Print the full set of records below, character for character and picture-free.

━━━

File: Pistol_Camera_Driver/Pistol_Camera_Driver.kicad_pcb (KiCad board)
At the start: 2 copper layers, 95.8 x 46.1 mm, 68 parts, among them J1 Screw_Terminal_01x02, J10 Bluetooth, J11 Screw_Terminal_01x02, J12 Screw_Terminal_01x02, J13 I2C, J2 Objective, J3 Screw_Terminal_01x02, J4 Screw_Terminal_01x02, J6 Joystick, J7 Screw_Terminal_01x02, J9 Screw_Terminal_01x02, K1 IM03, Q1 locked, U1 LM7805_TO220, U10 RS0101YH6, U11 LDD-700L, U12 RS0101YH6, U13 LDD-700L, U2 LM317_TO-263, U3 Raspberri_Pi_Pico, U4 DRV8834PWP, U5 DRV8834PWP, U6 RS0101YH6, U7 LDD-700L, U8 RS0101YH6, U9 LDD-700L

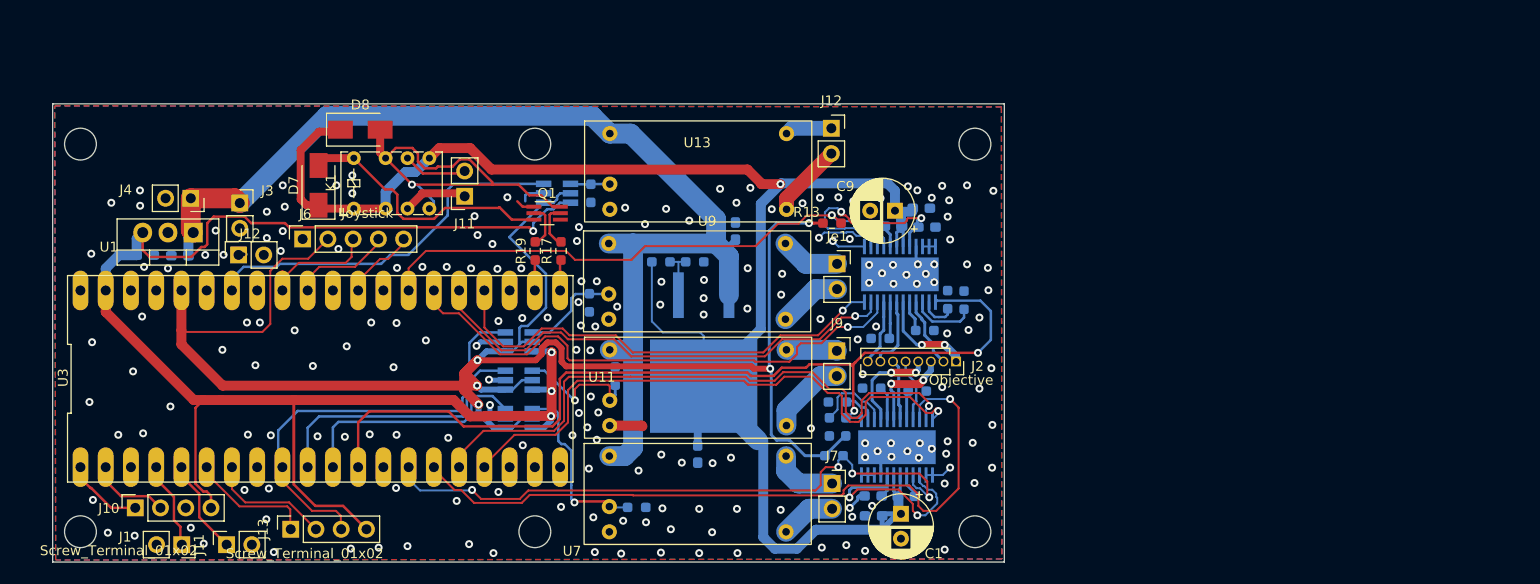
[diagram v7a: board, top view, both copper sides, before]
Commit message: v2.5 ready without end stoppers
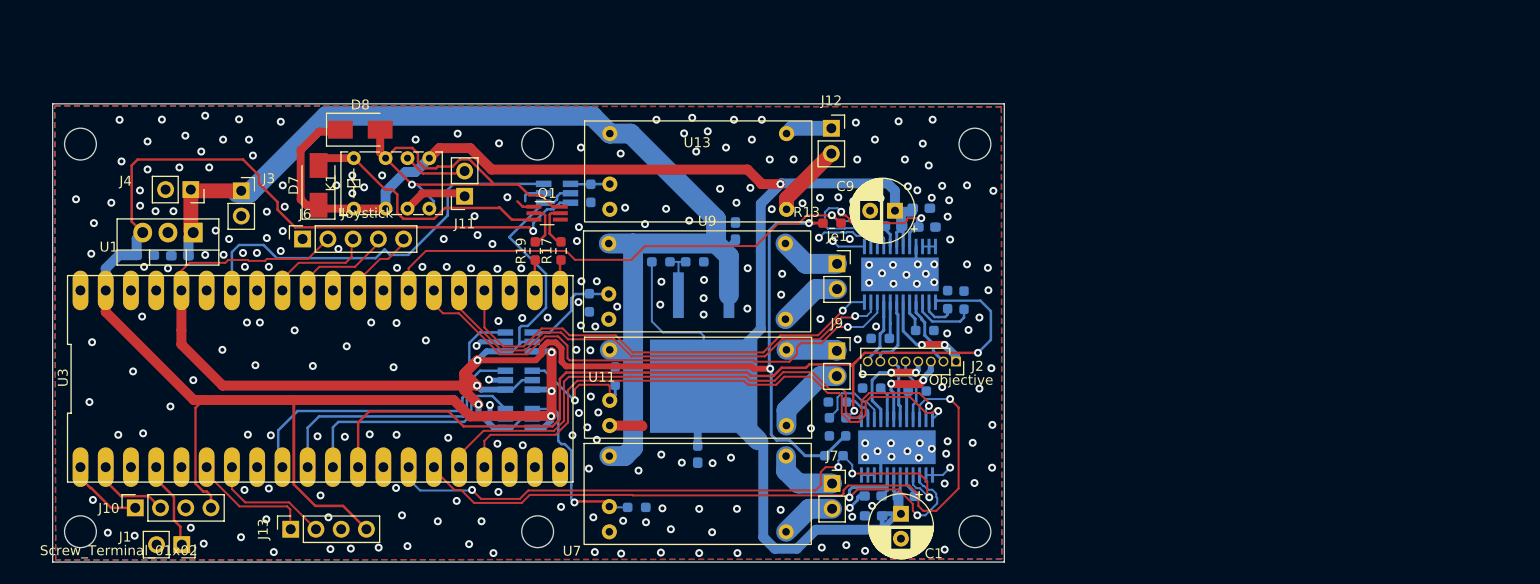
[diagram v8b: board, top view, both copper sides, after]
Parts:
- removed the J11 at (42.4, 76.0)
- removed the J12 at (43.5, 46.8)
- moved J3 1.24 mm to (43.8, 40.4)
- moved J4 0.88 mm to (38.8, 40.2)
- moved REF** 0.28 mm to (73.6, 74.7)
- moved REF** 0.28 mm to (73.6, 35.6)
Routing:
- net unconnected-(U3-Pad5): track 9.68 -> 0.89 mm
- net PWM_WHITE: track 47.2 -> 38.7 mm
- net +5V: track 153.7 -> 160.6 mm
- net +3V3: track 177.3 -> 173.9 mm
- net PWM_IR: track 39.1 -> 42.3 mm
- net DIR1: track 58.6 -> 60.0 mm
- net +12V: track 113.9 -> 114.6 mm
- net GND: vias 201 -> 260

━━━

→ Task output
File: Pistol_Camera_Driver/Pistol_Camera_Driver.kicad_pcb (KiCad board)
At the start: 2 copper layers, 95.8 x 46.1 mm, 68 parts, among them J1 Screw_Terminal_01x02, J10 Bluetooth, J11 Screw_Terminal_01x02, J12 Screw_Terminal_01x02, J13 I2C, J2 Objective, J3 Screw_Terminal_01x02, J4 Screw_Terminal_01x02, J6 Joystick, J7 Screw_Terminal_01x02, J9 Screw_Terminal_01x02, K1 IM03, Q1 locked, U1 LM7805_TO220, U10 RS0101YH6, U11 LDD-700L, U12 RS0101YH6, U13 LDD-700L, U2 LM317_TO-263, U3 Raspberri_Pi_Pico, U4 DRV8834PWP, U5 DRV8834PWP, U6 RS0101YH6, U7 LDD-700L, U8 RS0101YH6, U9 LDD-700L

[diagram v7a: board, top view, both copper sides, before]
Commit message: v2.5 ready without end stoppers
[diagram v8b: board, top view, both copper sides, after]
Parts:
- removed the J11 at (42.4, 76.0)
- removed the J12 at (43.5, 46.8)
- moved J3 1.24 mm to (43.8, 40.4)
- moved J4 0.88 mm to (38.8, 40.2)
- moved REF** 0.28 mm to (73.6, 74.7)
- moved REF** 0.28 mm to (73.6, 35.6)
Routing:
- net unconnected-(U3-Pad5): track 9.68 -> 0.89 mm
- net PWM_WHITE: track 47.2 -> 38.7 mm
- net +5V: track 153.7 -> 160.6 mm
- net +3V3: track 177.3 -> 173.9 mm
- net PWM_IR: track 39.1 -> 42.3 mm
- net DIR1: track 58.6 -> 60.0 mm
- net +12V: track 113.9 -> 114.6 mm
- net GND: vias 201 -> 260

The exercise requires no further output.